__WHAT YOU SHOULD DO__.
Print the lines in the listing below that fall between the line with "32. equerreEtage:9 —" and the line with "36. support_arriere:1 [sub-assembly]", those two lines included, exactly as they stand and with nothing else.
========================
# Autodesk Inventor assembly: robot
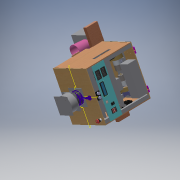
[picture p0: Inventor's stored thumbnail of the model, 180x180]
Saved by Autodesk Inventor 2019 (Build 230136000, 136)
## iProperties
Created: 2020-02-15
Part Number: robot
Document SubType Name: Assembly
Designer: franc
Author: franc
## Documents named in this file (20)
- C:\Users\franc\Desktop\EsialRobotik\Mecanique\2020\robot\robot.iam
- C:\Users\franc\Desktop\EsialRobotik\Mecanique\base_roulante\baseRoulante.iam
- C:\Users\franc\Desktop\EsialRobotik\Mecanique\2020\robot\socle-robot.ipt
- C:\Users\franc\Desktop\EsialRobotik\Mecanique\composants\Profile\calle.iam
- C:\Users\franc\Desktop\EsialRobotik\Mecanique\composants\Profile\equerreEtage.ipt
- C:\Users\franc\Desktop\EsialRobotik\Mecanique\2020\robot\profile_alu.ipt
- C:\Users\franc\Desktop\EsialRobotik\Mecanique\2020\robot\cote.ipt
- C:\Users\franc\Desktop\EsialRobotik\Mecanique\2020\robot\support-pinces.ipt
- C:\Users\franc\Desktop\EsialRobotik\Mecanique\2020\robot\pince a linge.ipt
- C:\Users\franc\Desktop\EsialRobotik\Mecanique\composants\Batterie\grosse-batterie.ipt
- C:\Users\franc\Desktop\EsialRobotik\Mecanique\composants\Batterie\petite-batterie.ipt
- C:\Users\franc\Desktop\EsialRobotik\Mecanique\2020\elements\ecueil-complet.iam
- C:\Users\franc\Desktop\EsialRobotik\Mecanique\2020\robot\étage.ipt
- C:\Users\franc\Desktop\EsialRobotik\Mecanique\2020\robot\support_arriere.iam
- C:\Users\franc\Desktop\EsialRobotik\Mecanique\2020\robot\toit.iam
- C:\Users\franc\Desktop\EsialRobotik\Mecanique\composants\AX12\AX12.iam
- C:\Users\franc\Desktop\EsialRobotik\Mecanique\composants\AX12\F3.ipt
- C:\Users\franc\Desktop\EsialRobotik\Mecanique\2020\robot\bras-manche.ipt
- C:\Users\franc\Desktop\EsialRobotik\Mecanique\2020\elements\bordure.ipt
- C:\Users\franc\Desktop\EsialRobotik\Mecanique\composants\SRF04\SRF04_sur_support.iam
## Components (48 placed, 19 different names)
1. baseRoulante:1 [sub-assembly] — Placage:1, Placage:2, Placage:3
2. socle-robot:1 — Placage:1, Placage:2, Placage:3, Placage:4, Placage:5, Placage:6, Placage:7, Placage:8, Placage:9, Placage:10, Placage:11, Placage:12, Placage:13, Placage:14, Placage:15, Placage:16, Placage:17, Placage:18, Placage:19, Placage:20, Placage:21, Placage:22, Placage:23, Placage:24, Placage:25, Placage:26, Placage:27, Placage:28, Placage:30, Placage:32, Placage:33, Placage:37, Placage:39, Placage:52, Affleurement:8, Placage:58, Placage:85
3. calle:1 [sub-assembly] — Placage:7, Placage:8, Placage:9
4. calle:2 [sub-assembly] — Placage:6, Placage:10, Placage:11
5. calle:3 [sub-assembly] — Placage:4, Placage:12, Placage:13
6. calle:4 [sub-assembly] — Placage:5, Placage:14, Placage:15, Affleurement:21
7. equerreEtage:1 — Placage:16, Placage:22, Placage:23, Placage:35, Affleurement:4
8. equerreEtage:2 — Placage:17, Placage:24, Placage:25, Placage:31, Affleurement:2
9. equerreEtage:3 — Placage:18, Placage:26, Placage:27, Placage:29, Affleurement:1
10. equerreEtage:4 — Placage:19, Placage:20, Placage:21, Placage:34, Affleurement:3
11. profile_alu:1 — Placage:28, Placage:29, Affleurement:1, Placage:59, Placage:70, Placage:74
12. profile_alu:2 — Placage:32, Placage:34, Affleurement:3, Affleurement:10, Placage:54, Placage:56, Placage:72, Placage:76, Placage:89, Affleurement:14, Placage:101, Placage:115
13. profile_alu:3 — Placage:33, Placage:35, Affleurement:4, Affleurement:5, Placage:78, Placage:82, Placage:88, Affleurement:13, Placage:107
14. profile_alu:4 — Placage:30, Placage:31, Affleurement:2, Placage:36, Placage:80, Placage:84
15. cote:1 — Placage:36, Placage:37, Affleurement:5, Affleurement:11, Placage:77, Placage:79, Placage:81, Placage:83, Placage:106
16. cote:2 — Placage:39, Affleurement:10, Placage:54, Placage:55, Placage:57, Placage:60, Placage:69, Placage:71, Placage:73, Placage:75, Placage:90, Affleurement:15, Affleurement:16, Placage:100, Placage:117, Placage:119, Affleurement:22
17. support-pinces:1 — Placage:41, Placage:42, Placage:43, Placage:44, Placage:45, Placage:47, Placage:48, Placage:49, Placage:50, Placage:51, Angle:1, Angle:2, Angle:3, Angle:4, Angle:5, Placage:55, Affleurement:11, Affleurement:22
18. pince a linge:1 — Placage:41, Placage:47, Angle:1
19. pince a linge:2 — Placage:42, Placage:48, Angle:2
20. pince a linge:3 — Placage:43, Placage:49, Angle:3
21. pince a linge:4 — Placage:44, Placage:50, Angle:4
22. pince a linge:5 — Placage:45, Placage:51, Angle:5
23. grosse-batterie:1 — Placage:52, Affleurement:8, Placage:115
24. petite-batterie:1 — Placage:116, Affleurement:18, Placage:117
25. ecueil-complet:1 [sub-assembly] — Placage:118, Affleurement:19, Affleurement:20, Placage:120
26. étage:1 — Placage:56, Placage:57, Placage:58, Placage:61, Placage:62, Placage:63, Placage:64, Placage:99, Placage:105, Placage:116, Affleurement:18
27. étage:2 — Placage:59, Placage:60, Placage:65, Placage:66, Placage:67, Placage:68, Placage:85
28. equerreEtage:5 — Placage:64, Placage:83, Placage:84
29. equerreEtage:6 — Placage:63, Placage:81, Placage:82
30. equerreEtage:7 — Placage:61, Placage:69, Placage:70
31. equerreEtage:8 — Placage:62, Placage:71, Placage:72
32. equerreEtage:9 — Placage:68, Placage:77, Placage:78
33. equerreEtage:10 — Placage:65, Placage:73, Placage:74
34. equerreEtage:11 — Placage:67, Placage:79, Placage:80
35. equerreEtage:12 — Placage:66, Placage:75, Placage:76
36. support_arriere:1 [sub-assembly] — Placage:88, Placage:89, Affleurement:13, Affleurement:14
37. toit:1 [sub-assembly] — Placage:90, Affleurement:15, Affleurement:16, Placage:120, Placage:121, Placage:122, Placage:123, Placage:124, Placage:125, Placage:126, Placage:127, Placage:128
38. AX12:1 [sub-assembly] — Placage:96, Placage:97, Placage:98, Placage:100, Placage:111, Placage:112, Placage:113
39. AX12:2 [sub-assembly] — Placage:102, Placage:103, Placage:104, Placage:106, Placage:108, Placage:109, Placage:110
40. F3:1 — Placage:96, Placage:97, Placage:98, Placage:99, Placage:101
41. F3:2 — Placage:102, Placage:103, Placage:104, Placage:105, Placage:107
42. bras-manche:1 — Placage:108, Placage:109, Placage:110
43. bras-manche:2 — Placage:111, Placage:112, Placage:113
44. bordure:1 — Placage:118, Affleurement:19, Affleurement:20, Affleurement:21, Placage:119
45. SRF04_sur_support:1 [sub-assembly] — Placage:125, Placage:126
46. SRF04_sur_support:2 [sub-assembly] — Placage:127, Placage:128
47. SRF04_sur_support:3 [sub-assembly] — Placage:121, Placage:122
48. SRF04_sur_support:4 [sub-assembly] — Placage:123, Placage:124
## Relationships (138: Mate 116, Flush 17, Angle 5)
- Placage:1 [Mate]: baseRoulante:1 ↔ socle-robot:1
- Placage:2 [Mate]: baseRoulante:1 ↔ socle-robot:1
- Placage:3 [Mate]: baseRoulante:1 ↔ socle-robot:1
- Placage:4 [Mate]: socle-robot:1 ↔ calle:3
- Placage:5 [Mate]: socle-robot:1 ↔ calle:4
- Placage:6 [Mate]: socle-robot:1 ↔ calle:2
- Placage:7 [Mate]: socle-robot:1 ↔ calle:1
- Placage:8 [Mate]: socle-robot:1 ↔ calle:1
- Placage:9 [Mate]: socle-robot:1 ↔ calle:1
- Placage:10 [Mate]: socle-robot:1 ↔ calle:2
- Placage:11 [Mate]: socle-robot:1 ↔ calle:2
- Placage:12 [Mate]: socle-robot:1 ↔ calle:3
- Placage:13 [Mate]: socle-robot:1 ↔ calle:3
- Placage:14 [Mate]: socle-robot:1 ↔ calle:4
- Placage:15 [Mate]: socle-robot:1 ↔ calle:4
- Placage:16 [Mate]: socle-robot:1 ↔ equerreEtage:1
- Placage:17 [Mate]: socle-robot:1 ↔ equerreEtage:2
- Placage:18 [Mate]: socle-robot:1 ↔ equerreEtage:3
- Placage:19 [Mate]: socle-robot:1 ↔ equerreEtage:4
- Placage:20 [Mate]: socle-robot:1 ↔ equerreEtage:4
- Placage:21 [Mate]: socle-robot:1 ↔ equerreEtage:4
- Placage:22 [Mate]: socle-robot:1 ↔ equerreEtage:1
- Placage:23 [Mate]: socle-robot:1 ↔ equerreEtage:1
- Placage:24 [Mate]: socle-robot:1 ↔ equerreEtage:2
- Placage:25 [Mate]: socle-robot:1 ↔ equerreEtage:2
- Placage:26 [Mate]: socle-robot:1 ↔ equerreEtage:3
- Placage:27 [Mate]: socle-robot:1 ↔ equerreEtage:3
- Placage:28 [Mate]: socle-robot:1 ↔ profile_alu:1
- Placage:29 [Mate]: equerreEtage:3 ↔ profile_alu:1
- Affleurement:1 [Flush]: equerreEtage:3 ↔ profile_alu:1
- Placage:30 [Mate]: socle-robot:1 ↔ profile_alu:4
- Placage:31 [Mate]: equerreEtage:2 ↔ profile_alu:4
- Affleurement:2 [Flush]: equerreEtage:2 ↔ profile_alu:4
- Placage:32 [Mate]: socle-robot:1 ↔ profile_alu:2
- Placage:33 [Mate]: socle-robot:1 ↔ profile_alu:3
- Placage:34 [Mate]: equerreEtage:4 ↔ profile_alu:2
- Affleurement:3 [Flush]: equerreEtage:4 ↔ profile_alu:2
- Placage:35 [Mate]: equerreEtage:1 ↔ profile_alu:3
- Affleurement:4 [Flush]: equerreEtage:1 ↔ profile_alu:3
- Placage:36 [Mate]: profile_alu:4 ↔ cote:1
- Placage:37 [Mate]: socle-robot:1 ↔ cote:1
- Affleurement:5 [Flush]: profile_alu:3 ↔ cote:1
- Placage:39 [Mate]: socle-robot:1 ↔ cote:2
- Placage:41 [Mate]: support-pinces:1 ↔ pince a linge:1
- Placage:42 [Mate]: support-pinces:1 ↔ pince a linge:2
- Placage:43 [Mate]: support-pinces:1 ↔ pince a linge:3
- Placage:44 [Mate]: support-pinces:1 ↔ pince a linge:4
- Placage:45 [Mate]: support-pinces:1 ↔ pince a linge:5
- Placage:47 [Mate]: support-pinces:1 ↔ pince a linge:1
- Placage:48 [Mate]: support-pinces:1 ↔ pince a linge:2
- Placage:49 [Mate]: support-pinces:1 ↔ pince a linge:3
- Placage:50 [Mate]: support-pinces:1 ↔ pince a linge:4
- Placage:51 [Mate]: support-pinces:1 ↔ pince a linge:5
- Angle:1 (0 deg): support-pinces:1 ↔ pince a linge:1
- Angle:2 (0 deg): support-pinces:1 ↔ pince a linge:2
- Angle:3 (0 deg): support-pinces:1 ↔ pince a linge:3
- Angle:4 (0 deg): support-pinces:1 ↔ pince a linge:4
- Angle:5 (0 deg): support-pinces:1 ↔ pince a linge:5
- Placage:52 [Mate]: socle-robot:1 ↔ grosse-batterie:1
- Affleurement:8 [Flush]: socle-robot:1 ↔ grosse-batterie:1
- Affleurement:10 [Flush]: profile_alu:2 ↔ cote:2
- Placage:54 [Mate]: profile_alu:2 ↔ cote:2
- Placage:55 [Mate]: cote:2 ↔ support-pinces:1
- Affleurement:11 [Flush] (-5 mm): cote:1 ↔ support-pinces:1
- Placage:56 [Mate]: profile_alu:2 ↔ étage:1
- Placage:57 [Mate]: cote:2 ↔ étage:1
- Placage:58 [Mate] (140 mm): socle-robot:1 ↔ étage:1
- Placage:59 [Mate]: profile_alu:1 ↔ étage:2
- Placage:60 [Mate]: cote:2 ↔ étage:2
- Placage:61 [Mate]: étage:1 ↔ equerreEtage:7
- Placage:62 [Mate]: étage:1 ↔ equerreEtage:8
- Placage:63 [Mate]: étage:1 ↔ equerreEtage:6
- Placage:64 [Mate]: étage:1 ↔ equerreEtage:5
- Placage:65 [Mate]: étage:2 ↔ equerreEtage:10
- Placage:66 [Mate]: étage:2 ↔ equerreEtage:12
- Placage:67 [Mate]: étage:2 ↔ equerreEtage:11
- Placage:68 [Mate]: étage:2 ↔ equerreEtage:9
- Placage:69 [Mate]: cote:2 ↔ equerreEtage:7
- Placage:70 [Mate]: profile_alu:1 ↔ equerreEtage:7
- Placage:71 [Mate]: cote:2 ↔ equerreEtage:8
- Placage:72 [Mate]: profile_alu:2 ↔ equerreEtage:8
- Placage:73 [Mate]: cote:2 ↔ equerreEtage:10
- Placage:74 [Mate]: profile_alu:1 ↔ equerreEtage:10
- Placage:75 [Mate]: cote:2 ↔ equerreEtage:12
- Placage:76 [Mate]: profile_alu:2 ↔ equerreEtage:12
- Placage:77 [Mate]: cote:1 ↔ equerreEtage:9
- Placage:78 [Mate]: profile_alu:3 ↔ equerreEtage:9
- Placage:79 [Mate]: cote:1 ↔ equerreEtage:11
- Placage:80 [Mate]: profile_alu:4 ↔ equerreEtage:11
- Placage:81 [Mate]: cote:1 ↔ equerreEtage:6
- Placage:82 [Mate]: profile_alu:3 ↔ equerreEtage:6
- Placage:83 [Mate]: cote:1 ↔ equerreEtage:5
- Placage:84 [Mate]: profile_alu:4 ↔ equerreEtage:5
- Placage:85 [Mate] (230 mm): socle-robot:1 ↔ étage:2
- Placage:88 [Mate]: profile_alu:3 ↔ support_arriere:1
- Placage:89 [Mate]: profile_alu:2 ↔ support_arriere:1
- Affleurement:13 [Flush] (30 mm): profile_alu:3 ↔ support_arriere:1
- Affleurement:14 [Flush]: profile_alu:2 ↔ support_arriere:1
- Placage:90 [Mate]: cote:2 ↔ toit:1
- Affleurement:15 [Flush]: cote:2 ↔ toit:1
- Affleurement:16 [Flush]: cote:2 ↔ toit:1
- Placage:96 [Mate]: AX12:1 ↔ F3:1
- Placage:97 [Mate]: AX12:1 ↔ F3:1
- Placage:98 [Mate]: AX12:1 ↔ F3:1
- Placage:99 [Mate]: étage:1 ↔ F3:1
- Placage:100 [Mate]: cote:2 ↔ AX12:1
- Placage:101 [Mate]: profile_alu:2 ↔ F3:1
- Placage:102 [Mate]: AX12:2 ↔ F3:2
- Placage:103 [Mate]: AX12:2 ↔ F3:2
- Placage:104 [Mate]: AX12:2 ↔ F3:2
- Placage:105 [Mate]: étage:1 ↔ F3:2
- Placage:106 [Mate]: cote:1 ↔ AX12:2
- Placage:107 [Mate]: profile_alu:3 ↔ F3:2
- Placage:108 [Mate]: AX12:2 ↔ bras-manche:1
- Placage:109 [Mate]: AX12:2 ↔ bras-manche:1
- Placage:110 [Mate]: AX12:2 ↔ bras-manche:1
- Placage:111 [Mate]: AX12:1 ↔ bras-manche:2
- Placage:112 [Mate]: AX12:1 ↔ bras-manche:2
- Placage:113 [Mate]: AX12:1 ↔ bras-manche:2
- Placage:115 [Mate] (5 mm): profile_alu:2 ↔ grosse-batterie:1
- Placage:116 [Mate]: petite-batterie:1 ↔ étage:1
- Affleurement:18 [Flush]: petite-batterie:1 ↔ étage:1
- Placage:117 [Mate] (100 mm): cote:2 ↔ petite-batterie:1
- Placage:118 [Mate]: ecueil-complet:1 ↔ bordure:1
- Affleurement:19 [Flush]: ecueil-complet:1 ↔ bordure:1
- Affleurement:20 [Flush] (-40.5 mm): ecueil-complet:1 ↔ bordure:1
- Affleurement:21 [Flush]: calle:4 ↔ bordure:1
- Placage:119 [Mate]: cote:2 ↔ bordure:1
- Affleurement:22 [Flush] (45 mm): cote:2 ↔ support-pinces:1
- Placage:120 [Mate]: ecueil-complet:1 ↔ toit:1
- Placage:121 [Mate]: toit:1 ↔ SRF04_sur_support:3
- Placage:122 [Mate]: toit:1 ↔ SRF04_sur_support:3
- Placage:123 [Mate]: toit:1 ↔ SRF04_sur_support:4
- Placage:124 [Mate]: toit:1 ↔ SRF04_sur_support:4
- Placage:125 [Mate]: toit:1 ↔ SRF04_sur_support:1
- Placage:126 [Mate]: toit:1 ↔ SRF04_sur_support:1
- Placage:127 [Mate]: toit:1 ↔ SRF04_sur_support:2
- Placage:128 [Mate]: toit:1 ↔ SRF04_sur_support:2
========================
__RESULT FOR THIS TASK__.
32. equerreEtage:9 — Placage:68, Placage:77, Placage:78
33. equerreEtage:10 — Placage:65, Placage:73, Placage:74
34. equerreEtage:11 — Placage:67, Placage:79, Placage:80
35. equerreEtage:12 — Placage:66, Placage:75, Placage:76
36. support_arriere:1 [sub-assembly] — Placage:88, Placage:89, Affleurement:13, Affleurement:14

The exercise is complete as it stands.